DATA TO EXAMINE section start

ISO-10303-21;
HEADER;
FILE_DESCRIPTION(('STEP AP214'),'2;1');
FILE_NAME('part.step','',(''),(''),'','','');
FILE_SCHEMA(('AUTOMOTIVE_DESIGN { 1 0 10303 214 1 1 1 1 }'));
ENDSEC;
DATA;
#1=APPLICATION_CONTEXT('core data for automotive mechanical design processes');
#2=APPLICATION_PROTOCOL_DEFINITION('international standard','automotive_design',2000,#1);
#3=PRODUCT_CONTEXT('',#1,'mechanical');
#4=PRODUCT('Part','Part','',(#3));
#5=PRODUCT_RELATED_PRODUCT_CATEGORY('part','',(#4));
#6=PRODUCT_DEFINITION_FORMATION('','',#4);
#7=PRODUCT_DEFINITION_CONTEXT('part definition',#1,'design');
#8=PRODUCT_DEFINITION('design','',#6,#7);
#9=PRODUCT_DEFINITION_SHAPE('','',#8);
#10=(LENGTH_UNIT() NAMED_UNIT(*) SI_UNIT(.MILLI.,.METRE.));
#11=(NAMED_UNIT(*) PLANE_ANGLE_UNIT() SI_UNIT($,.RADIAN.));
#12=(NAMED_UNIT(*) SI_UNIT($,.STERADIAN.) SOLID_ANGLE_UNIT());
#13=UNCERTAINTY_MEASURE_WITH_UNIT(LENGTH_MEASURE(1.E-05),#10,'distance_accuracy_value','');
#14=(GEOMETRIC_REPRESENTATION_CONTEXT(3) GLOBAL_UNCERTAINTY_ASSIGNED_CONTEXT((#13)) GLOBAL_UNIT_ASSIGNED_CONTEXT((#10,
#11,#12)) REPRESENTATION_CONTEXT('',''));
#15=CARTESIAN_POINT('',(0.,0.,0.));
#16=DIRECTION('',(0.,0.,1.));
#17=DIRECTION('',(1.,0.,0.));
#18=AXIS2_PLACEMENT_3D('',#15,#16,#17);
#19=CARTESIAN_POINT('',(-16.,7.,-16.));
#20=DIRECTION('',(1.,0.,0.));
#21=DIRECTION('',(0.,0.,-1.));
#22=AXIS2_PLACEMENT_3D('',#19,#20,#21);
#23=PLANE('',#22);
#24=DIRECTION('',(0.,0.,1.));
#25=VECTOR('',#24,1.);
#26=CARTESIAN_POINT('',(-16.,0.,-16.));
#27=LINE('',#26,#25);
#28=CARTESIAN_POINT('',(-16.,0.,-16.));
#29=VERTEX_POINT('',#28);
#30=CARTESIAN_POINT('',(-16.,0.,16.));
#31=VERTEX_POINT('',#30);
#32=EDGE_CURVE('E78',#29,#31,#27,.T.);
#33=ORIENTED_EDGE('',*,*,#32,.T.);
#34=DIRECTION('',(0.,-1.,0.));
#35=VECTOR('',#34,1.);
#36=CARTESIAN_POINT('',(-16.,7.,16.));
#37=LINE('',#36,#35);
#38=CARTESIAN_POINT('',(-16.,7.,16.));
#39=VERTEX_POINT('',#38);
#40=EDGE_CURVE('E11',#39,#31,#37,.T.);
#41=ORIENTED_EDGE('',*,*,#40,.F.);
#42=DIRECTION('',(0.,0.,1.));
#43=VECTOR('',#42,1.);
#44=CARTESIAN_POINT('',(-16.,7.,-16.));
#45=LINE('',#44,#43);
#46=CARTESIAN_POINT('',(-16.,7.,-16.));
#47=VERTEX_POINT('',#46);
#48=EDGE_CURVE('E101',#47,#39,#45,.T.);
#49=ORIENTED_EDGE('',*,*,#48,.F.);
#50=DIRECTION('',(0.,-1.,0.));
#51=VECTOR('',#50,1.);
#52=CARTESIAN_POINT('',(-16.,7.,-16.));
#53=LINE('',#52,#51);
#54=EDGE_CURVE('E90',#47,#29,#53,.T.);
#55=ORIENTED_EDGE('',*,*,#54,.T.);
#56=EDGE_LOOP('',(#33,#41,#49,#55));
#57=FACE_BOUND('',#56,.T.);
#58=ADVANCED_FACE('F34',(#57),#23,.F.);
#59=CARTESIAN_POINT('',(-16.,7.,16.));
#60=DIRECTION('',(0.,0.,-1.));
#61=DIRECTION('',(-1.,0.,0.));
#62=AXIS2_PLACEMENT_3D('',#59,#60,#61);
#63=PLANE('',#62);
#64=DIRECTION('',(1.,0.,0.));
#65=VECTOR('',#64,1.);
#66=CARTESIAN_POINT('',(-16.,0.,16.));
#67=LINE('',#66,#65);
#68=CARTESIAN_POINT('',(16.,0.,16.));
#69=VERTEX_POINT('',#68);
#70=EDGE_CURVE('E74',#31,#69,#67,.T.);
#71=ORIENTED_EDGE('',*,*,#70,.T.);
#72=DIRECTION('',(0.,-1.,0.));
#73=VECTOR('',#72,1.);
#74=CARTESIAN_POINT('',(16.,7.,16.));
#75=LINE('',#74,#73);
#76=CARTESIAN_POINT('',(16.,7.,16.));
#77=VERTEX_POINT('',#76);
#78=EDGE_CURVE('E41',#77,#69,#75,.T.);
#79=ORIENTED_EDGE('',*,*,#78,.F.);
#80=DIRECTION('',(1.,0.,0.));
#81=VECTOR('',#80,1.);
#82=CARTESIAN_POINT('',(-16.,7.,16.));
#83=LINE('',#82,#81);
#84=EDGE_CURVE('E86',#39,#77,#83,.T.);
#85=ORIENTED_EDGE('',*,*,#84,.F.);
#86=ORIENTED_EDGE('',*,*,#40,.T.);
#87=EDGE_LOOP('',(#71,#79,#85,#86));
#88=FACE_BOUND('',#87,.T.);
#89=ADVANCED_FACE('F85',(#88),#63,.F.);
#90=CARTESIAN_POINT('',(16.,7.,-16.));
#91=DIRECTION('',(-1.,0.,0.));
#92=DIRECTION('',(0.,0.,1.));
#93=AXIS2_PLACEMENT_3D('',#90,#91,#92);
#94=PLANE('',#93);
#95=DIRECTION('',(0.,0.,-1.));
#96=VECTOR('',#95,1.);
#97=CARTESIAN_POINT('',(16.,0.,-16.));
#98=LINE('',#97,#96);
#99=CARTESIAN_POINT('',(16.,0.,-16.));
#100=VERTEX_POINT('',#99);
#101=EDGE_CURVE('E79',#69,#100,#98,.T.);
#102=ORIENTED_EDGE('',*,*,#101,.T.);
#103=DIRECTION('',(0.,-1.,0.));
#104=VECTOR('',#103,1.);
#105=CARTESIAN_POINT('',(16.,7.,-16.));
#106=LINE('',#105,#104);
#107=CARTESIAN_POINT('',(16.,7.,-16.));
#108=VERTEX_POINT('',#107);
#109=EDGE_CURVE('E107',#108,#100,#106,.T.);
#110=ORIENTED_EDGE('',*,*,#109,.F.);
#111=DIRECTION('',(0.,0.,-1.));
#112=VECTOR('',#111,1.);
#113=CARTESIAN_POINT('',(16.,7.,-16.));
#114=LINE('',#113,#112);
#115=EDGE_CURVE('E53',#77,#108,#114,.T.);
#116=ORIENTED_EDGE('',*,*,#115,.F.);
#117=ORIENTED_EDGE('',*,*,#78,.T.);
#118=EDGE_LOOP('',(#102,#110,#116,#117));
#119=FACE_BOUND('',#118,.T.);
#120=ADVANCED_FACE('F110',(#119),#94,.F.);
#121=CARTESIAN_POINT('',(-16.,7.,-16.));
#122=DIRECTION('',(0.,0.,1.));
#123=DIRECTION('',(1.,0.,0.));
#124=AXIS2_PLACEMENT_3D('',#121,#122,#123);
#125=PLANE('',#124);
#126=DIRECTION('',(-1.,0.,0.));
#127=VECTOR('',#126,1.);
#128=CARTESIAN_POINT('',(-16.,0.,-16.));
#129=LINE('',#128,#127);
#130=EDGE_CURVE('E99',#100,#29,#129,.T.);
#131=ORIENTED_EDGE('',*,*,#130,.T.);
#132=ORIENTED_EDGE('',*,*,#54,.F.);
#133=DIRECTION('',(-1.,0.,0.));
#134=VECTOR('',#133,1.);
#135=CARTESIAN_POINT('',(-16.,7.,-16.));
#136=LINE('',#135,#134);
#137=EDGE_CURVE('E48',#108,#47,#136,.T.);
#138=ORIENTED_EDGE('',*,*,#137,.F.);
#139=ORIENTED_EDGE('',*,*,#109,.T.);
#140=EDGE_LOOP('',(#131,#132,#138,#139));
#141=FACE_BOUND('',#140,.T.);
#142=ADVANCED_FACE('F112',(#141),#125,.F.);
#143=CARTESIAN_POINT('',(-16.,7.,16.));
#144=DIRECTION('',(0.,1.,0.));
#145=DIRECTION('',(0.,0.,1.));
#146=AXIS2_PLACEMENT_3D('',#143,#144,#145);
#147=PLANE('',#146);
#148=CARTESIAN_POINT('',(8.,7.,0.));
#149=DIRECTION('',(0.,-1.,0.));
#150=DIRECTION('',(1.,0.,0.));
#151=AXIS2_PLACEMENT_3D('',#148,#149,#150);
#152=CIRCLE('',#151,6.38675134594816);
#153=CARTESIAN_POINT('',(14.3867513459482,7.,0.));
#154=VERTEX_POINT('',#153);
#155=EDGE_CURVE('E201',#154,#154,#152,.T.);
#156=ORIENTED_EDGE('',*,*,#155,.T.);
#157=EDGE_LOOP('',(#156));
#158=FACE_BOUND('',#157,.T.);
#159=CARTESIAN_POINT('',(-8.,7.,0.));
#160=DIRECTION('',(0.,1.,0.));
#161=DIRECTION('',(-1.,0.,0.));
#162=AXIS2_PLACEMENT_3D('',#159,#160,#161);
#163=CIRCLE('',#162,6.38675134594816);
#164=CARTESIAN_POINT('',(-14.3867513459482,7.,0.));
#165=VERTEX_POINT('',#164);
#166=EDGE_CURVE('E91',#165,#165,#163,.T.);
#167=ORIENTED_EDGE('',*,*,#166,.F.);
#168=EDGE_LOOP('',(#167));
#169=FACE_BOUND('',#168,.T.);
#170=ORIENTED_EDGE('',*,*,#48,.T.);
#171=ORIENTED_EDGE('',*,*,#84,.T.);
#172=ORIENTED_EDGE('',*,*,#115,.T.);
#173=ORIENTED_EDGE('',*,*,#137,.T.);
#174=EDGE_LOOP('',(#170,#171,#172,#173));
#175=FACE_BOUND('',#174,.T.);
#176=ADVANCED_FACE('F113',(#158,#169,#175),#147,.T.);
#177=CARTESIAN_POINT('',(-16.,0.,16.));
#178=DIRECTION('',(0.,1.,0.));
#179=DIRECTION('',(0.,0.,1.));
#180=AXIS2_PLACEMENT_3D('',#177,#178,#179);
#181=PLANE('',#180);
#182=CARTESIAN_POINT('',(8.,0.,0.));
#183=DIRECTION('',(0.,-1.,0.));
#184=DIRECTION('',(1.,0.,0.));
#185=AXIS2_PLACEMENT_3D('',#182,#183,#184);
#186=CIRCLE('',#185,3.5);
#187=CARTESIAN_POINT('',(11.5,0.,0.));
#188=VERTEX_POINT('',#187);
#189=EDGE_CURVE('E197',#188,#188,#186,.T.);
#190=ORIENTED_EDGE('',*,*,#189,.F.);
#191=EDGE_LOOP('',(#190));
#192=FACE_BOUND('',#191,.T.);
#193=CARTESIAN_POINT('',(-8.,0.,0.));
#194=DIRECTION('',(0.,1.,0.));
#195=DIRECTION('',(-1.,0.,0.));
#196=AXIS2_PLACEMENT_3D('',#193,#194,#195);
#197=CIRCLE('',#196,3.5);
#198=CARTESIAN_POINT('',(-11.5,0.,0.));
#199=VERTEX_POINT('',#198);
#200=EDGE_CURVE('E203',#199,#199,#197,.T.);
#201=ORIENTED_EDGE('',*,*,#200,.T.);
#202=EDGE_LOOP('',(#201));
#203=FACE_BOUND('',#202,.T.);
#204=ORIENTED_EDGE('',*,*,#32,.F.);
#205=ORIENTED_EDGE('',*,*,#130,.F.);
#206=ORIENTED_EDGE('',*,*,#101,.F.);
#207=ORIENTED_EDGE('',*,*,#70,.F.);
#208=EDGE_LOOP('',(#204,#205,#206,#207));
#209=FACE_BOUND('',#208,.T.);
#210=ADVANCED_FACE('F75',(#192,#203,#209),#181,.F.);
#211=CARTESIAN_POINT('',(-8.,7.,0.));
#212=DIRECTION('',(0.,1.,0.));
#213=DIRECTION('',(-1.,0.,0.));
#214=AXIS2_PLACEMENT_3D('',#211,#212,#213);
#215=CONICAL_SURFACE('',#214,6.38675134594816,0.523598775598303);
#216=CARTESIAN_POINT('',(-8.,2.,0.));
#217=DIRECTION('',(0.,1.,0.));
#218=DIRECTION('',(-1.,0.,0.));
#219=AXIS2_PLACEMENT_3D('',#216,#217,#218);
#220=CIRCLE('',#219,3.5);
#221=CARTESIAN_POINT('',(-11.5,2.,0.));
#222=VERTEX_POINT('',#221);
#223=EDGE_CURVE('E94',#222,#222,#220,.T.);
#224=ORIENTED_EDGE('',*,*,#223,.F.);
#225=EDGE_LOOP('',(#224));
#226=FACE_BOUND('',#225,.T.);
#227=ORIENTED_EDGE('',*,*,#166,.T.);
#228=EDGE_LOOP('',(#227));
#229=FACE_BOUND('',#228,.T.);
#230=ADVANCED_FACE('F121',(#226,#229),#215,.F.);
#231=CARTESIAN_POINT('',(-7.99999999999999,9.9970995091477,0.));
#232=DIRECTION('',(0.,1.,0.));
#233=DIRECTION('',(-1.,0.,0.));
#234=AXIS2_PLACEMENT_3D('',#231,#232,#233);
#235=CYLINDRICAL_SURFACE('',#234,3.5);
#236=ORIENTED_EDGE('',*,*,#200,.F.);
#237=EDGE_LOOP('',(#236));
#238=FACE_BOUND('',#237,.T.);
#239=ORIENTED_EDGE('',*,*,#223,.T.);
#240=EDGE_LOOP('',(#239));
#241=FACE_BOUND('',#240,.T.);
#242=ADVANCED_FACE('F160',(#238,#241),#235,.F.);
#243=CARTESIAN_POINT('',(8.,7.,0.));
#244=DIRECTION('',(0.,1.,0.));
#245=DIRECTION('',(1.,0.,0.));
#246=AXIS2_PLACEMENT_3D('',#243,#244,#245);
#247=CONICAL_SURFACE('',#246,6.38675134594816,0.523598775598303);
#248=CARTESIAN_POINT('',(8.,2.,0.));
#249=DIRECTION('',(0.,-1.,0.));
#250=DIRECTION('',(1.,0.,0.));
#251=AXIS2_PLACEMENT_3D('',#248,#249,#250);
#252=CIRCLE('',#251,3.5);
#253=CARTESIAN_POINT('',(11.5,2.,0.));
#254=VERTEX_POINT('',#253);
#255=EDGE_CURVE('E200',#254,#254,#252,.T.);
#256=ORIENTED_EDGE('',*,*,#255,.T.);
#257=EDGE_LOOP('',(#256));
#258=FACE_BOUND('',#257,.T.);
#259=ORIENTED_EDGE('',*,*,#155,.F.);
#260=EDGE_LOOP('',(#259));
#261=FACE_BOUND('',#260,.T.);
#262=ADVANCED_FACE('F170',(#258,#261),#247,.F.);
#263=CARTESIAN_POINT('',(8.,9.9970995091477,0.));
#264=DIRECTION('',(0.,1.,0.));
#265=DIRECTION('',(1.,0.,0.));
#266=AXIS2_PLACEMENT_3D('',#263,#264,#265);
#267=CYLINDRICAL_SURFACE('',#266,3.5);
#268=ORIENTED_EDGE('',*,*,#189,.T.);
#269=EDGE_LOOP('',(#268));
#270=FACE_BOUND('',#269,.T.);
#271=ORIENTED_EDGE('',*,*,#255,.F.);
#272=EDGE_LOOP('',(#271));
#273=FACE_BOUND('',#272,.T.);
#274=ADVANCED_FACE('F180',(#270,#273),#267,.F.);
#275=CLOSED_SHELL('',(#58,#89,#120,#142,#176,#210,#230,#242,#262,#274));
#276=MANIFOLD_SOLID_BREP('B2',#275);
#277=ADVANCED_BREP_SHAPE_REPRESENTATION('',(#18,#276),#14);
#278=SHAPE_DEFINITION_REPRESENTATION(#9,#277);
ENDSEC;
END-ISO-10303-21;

DATA TO EXAMINE section end

### WHAT IS REQUIRED
With the line holding "#40=EDGE_CURVE('E11',#39,#31,#37,.T.);" as the first and the line holding "#61=DIRECTION('',(-1.,0.,0.));" as the last, set down that range of the entries above exactly, and nothing else.

### RESULT FOR THIS TASK
#40=EDGE_CURVE('E11',#39,#31,#37,.T.);
#41=ORIENTED_EDGE('',*,*,#40,.F.);
#42=DIRECTION('',(0.,0.,1.));
#43=VECTOR('',#42,1.);
#44=CARTESIAN_POINT('',(-16.,7.,-16.));
#45=LINE('',#44,#43);
#46=CARTESIAN_POINT('',(-16.,7.,-16.));
#47=VERTEX_POINT('',#46);
#48=EDGE_CURVE('E101',#47,#39,#45,.T.);
#49=ORIENTED_EDGE('',*,*,#48,.F.);
#50=DIRECTION('',(0.,-1.,0.));
#51=VECTOR('',#50,1.);
#52=CARTESIAN_POINT('',(-16.,7.,-16.));
#53=LINE('',#52,#51);
#54=EDGE_CURVE('E90',#47,#29,#53,.T.);
#55=ORIENTED_EDGE('',*,*,#54,.T.);
#56=EDGE_LOOP('',(#33,#41,#49,#55));
#57=FACE_BOUND('',#56,.T.);
#58=ADVANCED_FACE('F34',(#57),#23,.F.);
#59=CARTESIAN_POINT('',(-16.,7.,16.));
#60=DIRECTION('',(0.,0.,-1.));
#61=DIRECTION('',(-1.,0.,0.));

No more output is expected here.